Thanks Andrew, thats put my mind at rest :clap:

Id really like a white one but they seem to be more expensive than any other colour so I think I'd settle for black


----------



## cerealuk (Nov 20, 2011)

Nigel-Power said:


> I'm not an owner yet, I'm on the same boat as yourself running numbers.
> 
> 20K deposit will reduce your repayments by a big chunk, if the estimated costs according to your calculations is 30% of your wages I'd say that's on the positive side still.
> 
> The running cost and and maintenance of the GTR would be fairly more than that of the 350Z so be ready to add another 30% ish in terms of overall cost and running the GTR.



Aye, I'm really not a fan of having things on finance (apart from the house of course which is unavoidable) but I've been itching to get a GT-R ever since they first came out and having now got the sensible stuff like house deposit etc out the way its now looking like it may be just about affordable. 

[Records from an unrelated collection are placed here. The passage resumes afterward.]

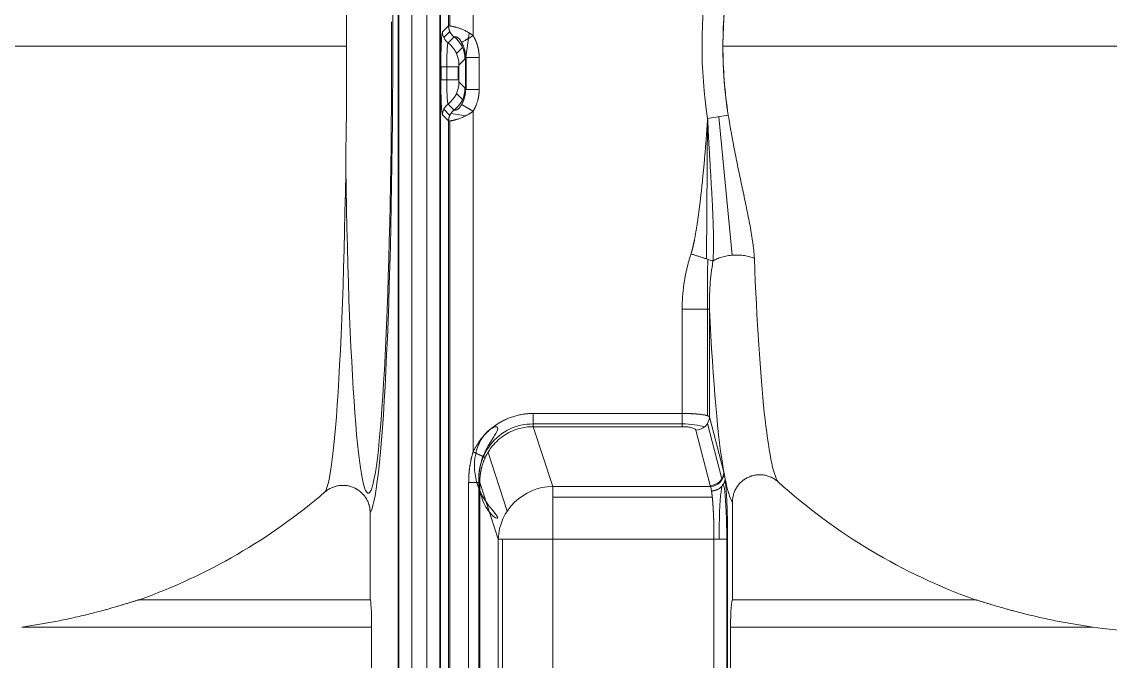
# Model space of a CAD drawing. Header units: millimetres. Extents: x 409 to 2276, y 1039 to 1674.
# Drawn here: x 1571.03 to 1610.86, y 1439.66 to 1463.05 of the extents above; entities that cross this region are included whole.
import ezdxf

# ---------------------------------------------------------------- set-up
doc = ezdxf.new("R2010")
doc.units = ezdxf.units.MM
doc.layers.add('粗实线层', color=7, linetype='Continuous', lineweight=35)

msp = doc.modelspace()

# ---------------------------------------------------------------- linework, layer by layer
at = {"layer": '粗实线层', "lineweight": 20}
for p, q in [((1584.801, 1465.161), (1584.801, 1414.161)), ((1584.826, 1414.161), (1584.826, 1465.161)), ((1585.3, 1465.161), (1585.3, 1414.161)), ((1585.851, 1465.156), (1585.851, 1414.161)), ((1586.326, 1414.161), (1586.326, 1465.16)), ((1586.351, 1465.16), (1586.351, 1414.161)), ((1586.648, 1462.9), (1586.648, 1465.161)), ((1586.693, 1462.899), (1586.693, 1465.162)), ((1586.648, 1462.9), (1586.427, 1462.679)), ((1586.472, 1462.474), (1586.692, 1462.694)), ((1586.848, 1462.5), (1586.628, 1462.28)), ((1587.283, 1461.744), (1587.38, 1462.447)), ((1587.375, 1462.444), (1587.401, 1462.644)), ((1582.918, 1462.161), (1568.126, 1462.161)), ((1586.939, 1461.892), (1587.159, 1462.112)), ((1596.686, 1462.161), (1613.126, 1462.161)), ((1587.249, 1461.702), (1587.029, 1461.482)), ((1587.767, 1461.744), (1587.268, 1461.744)), ((1587.268, 1460.578), (1587.268, 1461.744)), ((1587.293, 1461.744), (1587.293, 1460.578)), ((1587.767, 1460.578), (1587.767, 1461.744)), ((1586.363, 1461.398), (1586.584, 1461.398)), ((1586.363, 1461.398), (1586.363, 1460.925)), ((1586.377, 1460.925), (1586.377, 1461.398)), ((1586.584, 1461.398), (1586.584, 1460.925)), ((1587.025, 1461.398), (1586.584, 1461.398)), ((1586.998, 1460.925), (1586.998, 1461.398)), ((1587.025, 1461.398), (1587.025, 1460.925)), ((1587.029, 1460.841), (1587.249, 1460.621)), ((1587.159, 1460.21), (1586.939, 1460.43)), ((1586.628, 1460.042), (1586.848, 1459.822)), ((1586.427, 1459.643), (1586.648, 1459.422)), ((1586.693, 1459.628), (1586.472, 1459.849)), ((1586.73, 1459.695), (1587.274, 1459.609)), ((1587.547, 1447.322), (1587.547, 1459.777)), ((1596.882, 1459.633), (1596.126, 1459.515)), ((1586.648, 1419.9), (1586.648, 1459.422)), ((1586.693, 1419.9), (1586.693, 1459.423)), ((1596.126, 1459.513), (1596.089, 1454.376)), ((1597.026, 1454.514), (1596.535, 1459.579)), ((1596.126, 1453.979), (1596.126, 1448.639)), ((1595.194, 1448.724), (1595.194, 1452.544)), ((1596.191, 1448.6), (1596.191, 1452.544)), ((1589.746, 1448.724), (1595.194, 1448.724)), ((1595.194, 1448.724), (1595.194, 1448.241)), ((1596.191, 1448.6), (1596.719, 1446.578)), ((1589.746, 1448.341), (1595.194, 1448.341)), ((1589.746, 1448.241), (1590.459, 1446.058)), ((1589.746, 1448.241), (1595.194, 1448.241)), ((1595.693, 1448.117), (1596.22, 1446.095)), ((1596.649, 1446.338), (1596.121, 1448.36)), ((1588.793, 1445.151), (1588.091, 1447.3)), ((1587.382, 1433.122), (1587.382, 1446.201)), ((1587.749, 1446.301), (1587.749, 1434.28)), ((1587.789, 1433.122), (1587.789, 1446.201)), ((1587.789, 1446.201), (1588.467, 1444.127)), ((1590.459, 1446.058), (1596.23, 1446.058)), ((1590.459, 1444.127), (1590.459, 1446.058)), ((1590.459, 1445.661), (1596.297, 1445.661)), ((1597.035, 1441.911), (1597.035, 1445.484)), ((1583.778, 1445.095), (1583.778, 1441.911)), ((1588.467, 1435.196), (1588.467, 1444.127)), ((1590.459, 1444.127), (1588.467, 1444.127)), ((1588.626, 1435.196), (1588.626, 1444.127)), ((1590.459, 1444.127), (1596.359, 1444.127)), ((1590.459, 1435.196), (1590.459, 1444.127)), ((1596.359, 1435.196), (1596.359, 1444.127)), ((1596.359, 1444.127), (1596.858, 1444.127)), ((1596.826, 1435.196), (1596.826, 1444.127)), ((1596.858, 1435.196), (1596.858, 1444.127)), ((1583.778, 1441.911), (1575.333, 1441.911)), ((1605.92, 1441.911), (1597.035, 1441.911)), ((1583.83, 1440.911), (1571.031, 1440.911)), ((1583.83, 1440.911), (1583.83, 1438.411)), ((1610.222, 1440.911), (1596.965, 1440.911)), ((1596.965, 1438.411), (1596.965, 1440.911))]:
    msp.add_line(p, q, dxfattribs=at)
for centre, radius, start, end in [((1613.126, 1462.161), 17.205, 170.7357, 188.8461), ((1613.126, 1462.161), 16.44, 170.7353, 188.8461), ((1613.126, 1462.161), 16.44, 170.7357, 180), ((1613.126, 1462.161), 16.44, 180, 188.8461), ((1613.126, 1462.161), 21.494, 227.867, 250.4099), ((1568.126, 1462.161), 21.494, 289.5901, 310.643), ((1613.126, 1462.161), 21.448, 262.2163, 277.7837)]:
    msp.add_arc(centre, radius, start, end, dxfattribs=at)
for centre, major_axis, ratio, start_param, end_param in [((1582.062, 1462.161), (0, 16.356), 0.052336, 4.712389, 4.888567), ((1583.709, 1462.161), (0, 17.117), 0.052336, 3.372899, 4.888567), ((1583.709, 1462.161), (0, -16.356), 0.052336, 4.989569, 7.908439), ((1586.926, 1462.679), (0.354, -0.353), 0.997264, 3.928226, 4.854816), ((1586.25, 1461.702), (0.707, -0.707), 0.997265, 0.786768, 1.713263), ((1582.062, 1462.161), (0, 16.356), 0.052336, 3.21699, 4.712389), ((1586.03, 1461.482), (0.708, -0.706), 0.997255, 0.78505, 1.711657), ((1586.863, 1460.925), (0.5, 0), 0.000021, 2.162623, 3.089233), ((1586.026, 1460.925), (1, 0), 0.000002, 0, 0.962255), ((1586.03, 1460.841), (0.707, 0.707), 0.997265, 4.569807, 5.496418), ((1586.25, 1460.621), (0.707, 0.707), 0.997265, 4.569863, 5.496357), ((1586.926, 1459.643), (0.354, 0.354), 0.997265, 1.428216, 2.354826), ((1598.812, 1462.161), (0, -16.011), 0.069756, 5.218735, 6.18907), ((1597.148, 1462.161), (0, -16.755), 0.069756, 5.323749, 5.906906), ((1595.693, 1448.6), (0.484, 0.126), 0.96373, 4.465994, 6.018735), ((1589.759, 1446.27), (0.645, -1.975), 0.962495, 2.820948, 4.61423), ((1595.194, 1448.073), (-1, 0), 0.267949, 3.764893, 4.712389), ((1596.22, 1446.578), (0.484, 0.126), 0.96373, 4.466017, 6.018726), ((1596.23, 1446.541), (0.483, 0.128), 0.963658, 4.462123, 6.004438), ((1596.686, 1444.127), (0, 2), 0.069927, 4.712389, 7.853982), ((1597.148, 1462.161), (0, -16.755), 0.069756, 5.949932, 6.186275), ((1590.459, 1444.127), (1.901, 0.621), 0.962495, 1.266303, 2.81454), ((1583.709, 1462.161), (0, 17.117), 0.052336, 3.218696, 3.372898), ((1583.778, 1440.911), (0, 1), 0.052408, 4.712389, 6.283185), ((1597.035, 1440.911), (0, 1), 0.069927, 0, 1.570796)]:
    msp.add_ellipse(centre, major_axis=major_axis, ratio=ratio, start_param=start_param, end_param=end_param, dxfattribs=at)
for points, degree in [([(1587.547, 1462.546), (1587.547, 1463.42), (1587.547, 1464.295), (1587.547, 1465.169)], 3), ([(1586.427, 1462.679), (1586.423, 1462.675), (1586.414, 1462.648), (1586.403, 1462.574), (1586.394, 1462.481), (1586.387, 1462.375), (1586.381, 1462.263), (1586.376, 1462.15), (1586.372, 1462.04), (1586.37, 1461.938), (1586.368, 1461.842), (1586.366, 1461.751), (1586.365, 1461.664), (1586.364, 1461.578), (1586.364, 1461.491), (1586.363, 1461.429), (1586.363, 1461.398)], 3), ([(1587.268, 1461.744), (1587.259, 1461.712), (1587.249, 1461.702)], 2), ([(1587.029, 1461.482), (1587.028, 1461.481), (1587.027, 1461.472), (1587.025, 1461.44), (1587.025, 1461.413), (1587.025, 1461.398)], 3), ([(1586.363, 1460.925), (1586.363, 1460.831), (1586.365, 1460.658), (1586.368, 1460.439), (1586.373, 1460.259), (1586.378, 1460.11), (1586.384, 1459.989), (1586.39, 1459.893), (1586.396, 1459.82), (1586.402, 1459.765), (1586.407, 1459.723), (1586.412, 1459.691), (1586.417, 1459.668), (1586.422, 1459.651), (1586.425, 1459.645), (1586.427, 1459.643)], 3), ([(1587.025, 1460.925), (1587.025, 1460.909), (1587.025, 1460.882), (1587.027, 1460.85), (1587.028, 1460.842), (1587.029, 1460.841)], 3), ([(1587.249, 1460.621), (1587.259, 1460.611), (1587.268, 1460.578)], 2), ([(1596.126, 1453.979), (1596.125, 1454.106), (1596.128, 1454.234), (1596.138, 1454.361)], 3), ([(1595.194, 1448.241), (1595.216, 1448.241), (1595.262, 1448.241), (1595.331, 1448.237), (1595.402, 1448.23), (1595.476, 1448.219), (1595.55, 1448.203), (1595.619, 1448.18), (1595.672, 1448.151), (1595.689, 1448.129), (1595.693, 1448.117)], 3), ([(1596.719, 1446.578), (1596.721, 1446.571), (1596.724, 1446.557), (1596.727, 1446.543), (1596.728, 1446.536)], 3), ([(1596.22, 1446.095), (1596.222, 1446.089), (1596.225, 1446.077), (1596.228, 1446.065), (1596.23, 1446.058)], 3)]:
    msp.add_open_spline(points, degree=degree, dxfattribs=at)
for points, degree, knots in [([(1587.547, 1462.546), (1587.542, 1462.549), (1587.533, 1462.556), (1587.519, 1462.566), (1587.506, 1462.575), (1587.493, 1462.584), (1587.481, 1462.593), (1587.469, 1462.601), (1587.458, 1462.609), (1587.446, 1462.616), (1587.436, 1462.623), (1587.426, 1462.629), (1587.416, 1462.636), (1587.407, 1462.641), (1587.398, 1462.647), (1587.39, 1462.652), (1587.382, 1462.656), (1587.375, 1462.66), (1587.368, 1462.664), (1587.362, 1462.668), (1587.356, 1462.671), (1587.33, 1462.686), (1587.284, 1462.711), (1587.222, 1462.741), (1587.165, 1462.766), (1587.112, 1462.788), (1587.059, 1462.808), (1587.005, 1462.826), (1586.947, 1462.844), (1586.896, 1462.858), (1586.851, 1462.869), (1586.811, 1462.878), (1586.769, 1462.887), (1586.739, 1462.892), (1586.719, 1462.895), (1586.708, 1462.897), (1586.698, 1462.898), (1586.689, 1462.899), (1586.681, 1462.9), (1586.673, 1462.901), (1586.667, 1462.901), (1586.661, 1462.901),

The other option of course is to try and hold out another year by which time the combination of me being able to save loads each month (as the 350z is cheap to run by comparison) and the GT-R dropping further in price will mean that I could buy one outright... its the sensible option... but its a long wait!


----------



## enshiu (Aug 20, 2010)

sounds affordable as you are paying the same amount of fuel as me.


----------



## Aerodramatics (Feb 10, 2008)

cerealuk said:


> The other option of course is to try and hold out another year by which time the combination of me being able to save loads each month (as the 350z is cheap to run by comparison) and the GT-R dropping further in price will mean that I could buy one outright... its the sensible option... but its a long wait!


What did you think of your test drive? If you haven't test driven one, then I'd strongly recommend you do.

They are stunningly quick cars and will smash through 100mph in a few scant seconds; this means you can only nail it for a couple seconds at any time on the road when rolling at normal road speeds. Stage II+ and that time shrinks again!

Personally, I find it's on the track the car excels (despite its weight) simply because it can be opened up and driven like it was meant to be driven properly hooked-up, whereas even on the open road common sense overcomes fun and the constant need to reign her in is ever present like a teasing killjoy; even though it's still great fun to punt along at pace, it's brief. Like allowing a tiger a couple of extra feet play room on its leash, if you will. Imagine taking a tiger for a walk...?! Then, metaphorically speaking, try throwing a ball and shouting 'fetch!' whilst hanging on to the lead in your next test drive on a fast twisty road and I think you'll catch my drift! Then again, some brave people swear that tigers make good pets. Nonetheless, caution is required. The attraction is that a gentle purr snaps into to a bellowing roar in the blink of an eye with just a prod of your toe and the fun and challenge is to tame the wild beast when it snarls! Ferocious! 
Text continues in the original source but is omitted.